GPU Service Policies
Namespaces
Each project will be given a namespace which will have an applied quota.
Default Quota:
- CPU: 100 Cores
- Memory: 1TiB
- GPU: 12
Kubeconfig
Each project will be assigned a kubeconfig file for access to the service which will allow operation in the assigned namespace and access to exposed service operators, for example the GPU, CephRBD, and CephFS operators.
Kubernetes Job Names
All Kubernetes Jobs submitted will need to use the metadata.generateName field instead of the metadata.name field. This is to ensure jobs can be identified for purporses of maintenance and troubleshooting.
Submitting jobs with name only would allow several jobs to have the same name, potentially blocking you from submitting the job until the previous one was deleted. Support would have difficulties troubleshooting as the name remains the same, but execution results can be different each time.
Important
This policy is automated, but users will need to change their job template to use the new field for the submission to work.
Kubernetes Job Time to Live
All Kubernetes Jobs submitted to the service will have a Time to Live (TTL) applied via spec.ttlSecondsAfterFinished automatically. The default TTL for jobs using the service will be 1 week (604800 seconds). A completed job (in success or error state) will be deleted from the service once one week has elapsed after execution has completed. This will reduce excessive object accumulation on the service.
Important
This policy is automated and does not require users to change their job specifications.
Important
We recommend setting a lower value, unless you absolutely need the job to remain for debugging. Completed jobs serve no other purpose and can potentially make identifying your workloads more difficult.
Kueue
All jobs will be managed through the Kueue scheduling system. All pods will be required to be owned by a Kubernetes workload.
Each project will have a local user queue in their namespace. This will provide access to their cluster queue. To enable the use of the queue in your job definitions, the following will need to be added to the job specification file as part of the metadata:
labels:
kueue.x-k8s.io/queue-name: <project namespace>-user-queue
Workloads without this queue name tag will be rejected.
Maximum Execution Time (Kueue Workloads)
All Workloads submitted to the service will have a maximum execution time seconds (METS) applied via the label kueue.x-k8s.io/max-exec-time-seconds automatically. The default METS for workloads using the service will be 35 days (3024000 seconds). A workload will be terminated at this point. Upon reaching the maximum, all pods for the workload will be deleted.

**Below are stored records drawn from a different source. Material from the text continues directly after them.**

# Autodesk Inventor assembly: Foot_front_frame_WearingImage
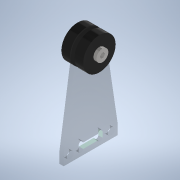
[picture p0: Inventor's stored thumbnail of the model, 180x180]
Saved by Autodesk Inventor 2022 (Build 260153000, 153)
## iProperties
Created: 2022-03-16
Part Number: Foot_front_frame_WearingImage
Document SubType Name: Assembly
Designer: Masato Kubotera
Author: Masato Kubotera
## Documents named in this file (5)
- C:\Users\Masato\Documents\Inventor\CIT Brains_Inventor\SUSTAINA-OP\OptionParts\SandBlastingJig\Foot_front_frame_WearingImage.iam
- C:\Users\Masato\Documents\Inventor\CIT Brains_Inventor\SUSTAINA-OP\LowerBody\Foot\Foot_front_frame.ipt
- C:\Users\Masato\Documents\Inventor\CIT Brains_Inventor\SUSTAINA-OP\OptionParts\SandBlastingJig\Foot_front_frame_SandBlastingJig_back.ipt
- C:\Users\Masato\Documents\Inventor\CIT Brains_Inventor\SUSTAINA-OP\OptionParts\SandBlastingJig\Foot_front_frame_SandBlastingJig_front.ipt
- C:\Users\Masato\Documents\Inventor\CIT Brains_Inventor\SUSTAINA-OP\ReadyMade\Screw\M3-10.ipt
## Components (4 placed, 4 different names)
1. Foot_front_frame:1 — 挿入:1, 挿入:2
2. Foot_front_frame_SandBlastingJig_back:1 — 挿入:1, 挿入:3
3. Foot_front_frame_SandBlastingJig_front:1 — 挿入:2
4. M3-10:1 — 挿入:3
## Relationships (3: Insert 3)
- 挿入:1 [Insert]: Foot_front_frame:1 ↔ Foot_front_frame_SandBlastingJig_back:1
- 挿入:2 [Insert]: Foot_front_frame:1 ↔ Foot_front_frame_SandBlastingJig_front:1
- 挿入:3 [Insert]: Foot_front_frame_SandBlastingJig_back:1 ↔ M3-10:1
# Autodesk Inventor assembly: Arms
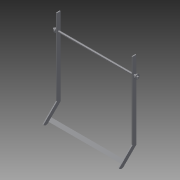
[picture p0: Inventor's stored thumbnail of the model, 180x180]
Saved by Autodesk Inventor 2013 (Build 170138000, 138)
## iProperties
Created: 2014-01-21
Part Number: Arms
Document SubType Name: Assembly
Designer: RobertB
Author: RobertB
## Documents named in this file (5)
- E:\Robotics\FRC\2014\CAD\Robot\Pickup\Arms.iam
- E:\Robotics\FRC\2014\CAD\Robot\Pickup\PickupArm.ipt
- E:\Robotics\FRC\2014\CAD\Robot\Pickup\Cloth.ipt
- E:\Robotics\FRC\2014\CAD\Robot\Pickup\SuperHexagon.ipt
- E:\Robotics\FRC\2014\CAD\Robot\Pickup\Bearing.ipt
## Components (6 placed, 4 different names)
1. PickupArm:1 — Mate:1, Flush:1, Flush:2
2. PickupArm:2 — Mate:1, Flush:1, Flush:2, Mate:4, Mate:5, Flush:4, Mate:12, Mate:13, Flush:6
3. SuperHexagon:1 — Mate:4, Mate:5, Mate:7, Mate:8, Mate:9, Mate:10, Flush:4, Flush:5
4. Bearing:1 — Mate:9, Mate:10, Mate:11
5. Bearing:2 — Mate:7, Mate:8, Mate:11, Flush:5
6. Cloth:1 — Mate:12, Mate:13, Flush:6
## Relationships (15: Mate 10, Flush 5)
- Mate:1 (508 mm): PickupArm:1 ↔ PickupArm:2
- Flush:1: PickupArm:1 ↔ PickupArm:2
- Flush:2: PickupArm:1 ↔ PickupArm:2
- Mate:4: PickupArm:2 ↔ SuperHexagon:1
- Mate:5: PickupArm:2 ↔ SuperHexagon:1
- Mate:7: SuperHexagon:1 ↔ Bearing:2
- Mate:8: SuperHexagon:1 ↔ Bearing:2
- Mate:9: SuperHexagon:1 ↔ Bearing:1
- Mate:10: SuperHexagon:1 ↔ Bearing:1
- Mate:11 (552.45 mm): Bearing:1 ↔ Bearing:2
- Flush:4 (28.575 mm): PickupArm:2 ↔ SuperHexagon:1
- Flush:5 (13.208 mm): SuperHexagon:1 ↔ Bearing:2
- Mate:12: PickupArm:2 ↔ Cloth:1
- Mate:13: PickupArm:2 ↔ Cloth:1
- Flush:6 (-25.4 mm): PickupArm:2 ↔ Cloth:1
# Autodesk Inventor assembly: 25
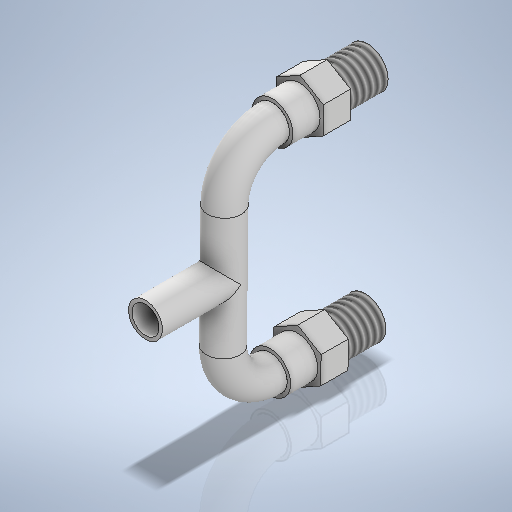
[picture p0: Inventor's stored thumbnail of the model, 512x512]
Saved by Autodesk Inventor 2025.1 (Build 291241000, 241)
## iProperties
Created: 2024-09-13
Part Number: 25
Document SubType Name: Assembly
Designer: ffogue
Author: ffogue
## Documents named in this file (3)
- C:\Users\ffogue\Documents\Inventor\Single cylinder Steam Engine\25.iam
- C:\Users\ffogue\Documents\Inventor\Single cylinder Steam Engine\25.ipt
- C:\Users\ffogue\Documents\Inventor\Single cylinder Steam Engine\25.1.ipt
## Components (3 placed, 2 different names)
1. 25:1 — Mate:1, Cylindrical:1, Mate:3, Cylindrical:2
2. 25.1:1 — Mate:2, Cylindrical:1
3. 25.1:2 — Mate:4, Cylindrical:2
## Relationships (6: Mate 4, CylindricalJoint 2)
- Mate:1: 25:1
- Mate:2: 25.1:1
- Cylindrical:1: 25:1 ↔ 25.1:1
- Mate:3: 25:1
- Mate:4: 25.1:2
- Cylindrical:2: 25:1 ↔ 25.1:2

The maximum runtime is based on what was the default possible under the previous combination Active Deadline Seconds and Job Backoff Limit. This value may be revised.
Important
This policy is automated and does not require users to change their job or pod specifications.
Important
The preference would be, that you lower this number unless you are confident you need the workload to run for the maximum duration. If you do not have a good exit condition or internal code errors will not terminate the workload, a workload could end up running for the entire maximum time, blocking resources and incurring unneeded costs.
Applying a shorter maximum execution time can ensure you do not consume more resources than was intended, to do this you can apply the label 'kueue.x-k8s.io/max-exec-time-seconds' to your workload:
labels:
kueue.x-k8s.io/queue-name: <project namespace>-user-queue
kueue.x-k8s.io/max-exec-time-seconds: 'number of seconds'
If your value is at or below the default value, the system will not change it. If it is larger, it will reset it to the default.
If you want to continue using activeDeadlineSeconds, you can but the maximum-exec-time-seconds value will take priority if it is smaller than activeDeadlineSeconds.
Wait For Pods Ready (Kueue and Pending Pods)
To prevent "Pending" pods from indefinitely stalling project resources, the Wait for Pods Ready Kueue feature is enabled.
Pods can get stuck in a Pending state due to:
- Resource Fragmentation: A project and the service has enough total capacity, but not in the correct node configuration.
- Storage Issues: Persistent Volume Claims (PVCs) failing to mount or not existing.
How it Works
- Timeout: If a pod remains in a Pending state for 20 minutes, the queue manager will terminate it.
- Requeuing: The job will be automatically re-queued. The wait time between retries will incrementally increase up to a maximum of 1 hour.
- Persistence: Jobs will continue to retry indefinitely.
Singleton Pods
Though it is recommended using Jobs or other controllers as a default workload, singleton pods are supported. However, these are handled differently and because singletons lack a parent controller, they will be deleted rather than re-queued once the timeout is reached.
You can inspect why a singleton was deleted for up to 1 hour after the event using:
kubectl get events --field-selector involvedObject.kind=Pod,involvedObject.name=<pod-name> -n <namespace>
To check if your job was affected by this timeout, run:
kubectl describe job <job-name>
If you see an event labeled "Exceeded the PodsReady timeout," your job has been triggered for requeuing.